§ WHAT YOU WILL DO: Beginning with the line that contains "mainframe class BASE-bmm-packages" and concluding with the final line of the listing below, output each line exactly, and only those lines.

§ RECORDS TO PROCESS:

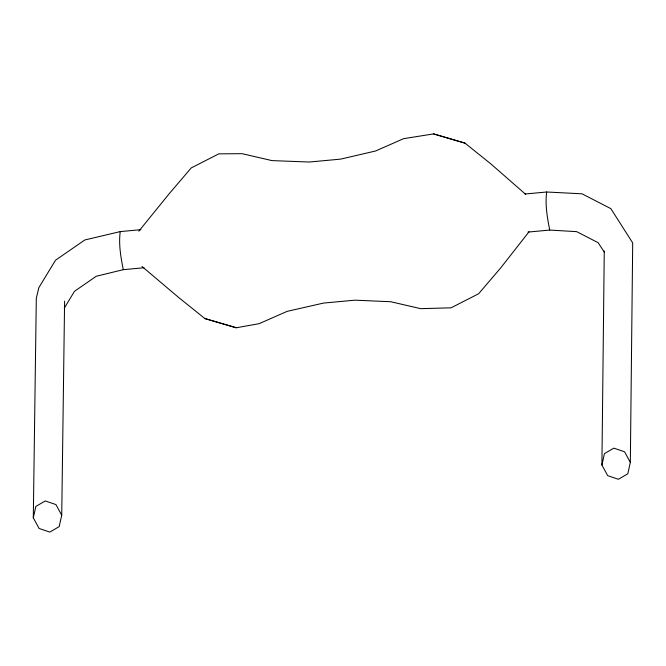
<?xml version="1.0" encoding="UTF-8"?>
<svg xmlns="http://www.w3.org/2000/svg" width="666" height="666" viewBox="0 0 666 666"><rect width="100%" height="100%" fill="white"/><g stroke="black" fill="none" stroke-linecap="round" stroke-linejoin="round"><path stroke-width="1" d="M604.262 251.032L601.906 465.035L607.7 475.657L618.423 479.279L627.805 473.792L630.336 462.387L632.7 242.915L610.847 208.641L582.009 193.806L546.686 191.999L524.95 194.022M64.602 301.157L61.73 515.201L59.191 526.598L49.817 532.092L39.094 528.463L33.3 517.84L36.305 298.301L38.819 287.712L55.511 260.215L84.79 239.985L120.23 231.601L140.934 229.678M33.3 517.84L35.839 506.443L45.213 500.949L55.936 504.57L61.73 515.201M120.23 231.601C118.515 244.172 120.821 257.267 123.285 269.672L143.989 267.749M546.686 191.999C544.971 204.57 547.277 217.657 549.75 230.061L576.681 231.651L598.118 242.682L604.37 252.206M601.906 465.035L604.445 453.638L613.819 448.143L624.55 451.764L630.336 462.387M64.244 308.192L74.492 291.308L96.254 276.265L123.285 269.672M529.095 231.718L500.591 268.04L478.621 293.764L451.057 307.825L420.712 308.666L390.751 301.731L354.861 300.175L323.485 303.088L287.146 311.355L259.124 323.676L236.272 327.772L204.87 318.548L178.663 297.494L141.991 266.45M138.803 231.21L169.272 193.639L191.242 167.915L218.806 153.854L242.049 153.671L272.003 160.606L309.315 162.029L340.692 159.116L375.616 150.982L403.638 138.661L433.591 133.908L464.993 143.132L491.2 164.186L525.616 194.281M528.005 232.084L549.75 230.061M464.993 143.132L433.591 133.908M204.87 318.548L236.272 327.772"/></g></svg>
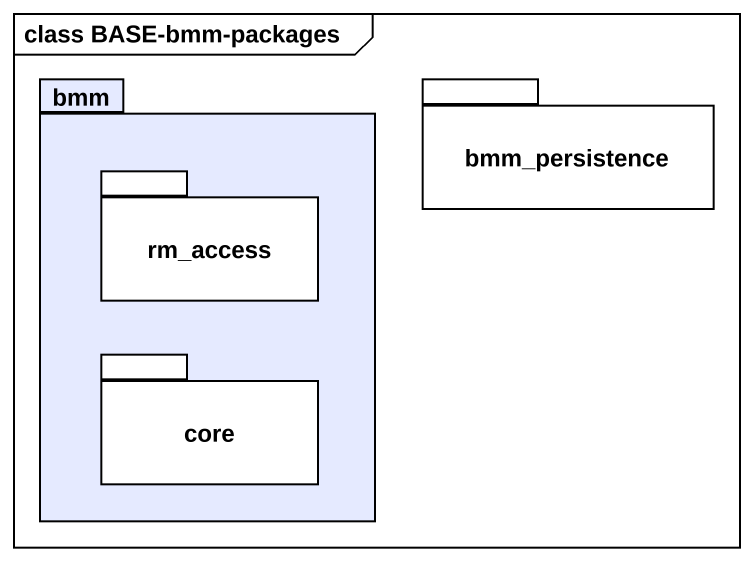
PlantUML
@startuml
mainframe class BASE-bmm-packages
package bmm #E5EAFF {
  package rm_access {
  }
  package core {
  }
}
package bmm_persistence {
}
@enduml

§ RESPONSE AREA:
mainframe class BASE-bmm-packages
package bmm #E5EAFF {
  package rm_access {
  }
  package core {
  }
}
package bmm_persistence {
}
@enduml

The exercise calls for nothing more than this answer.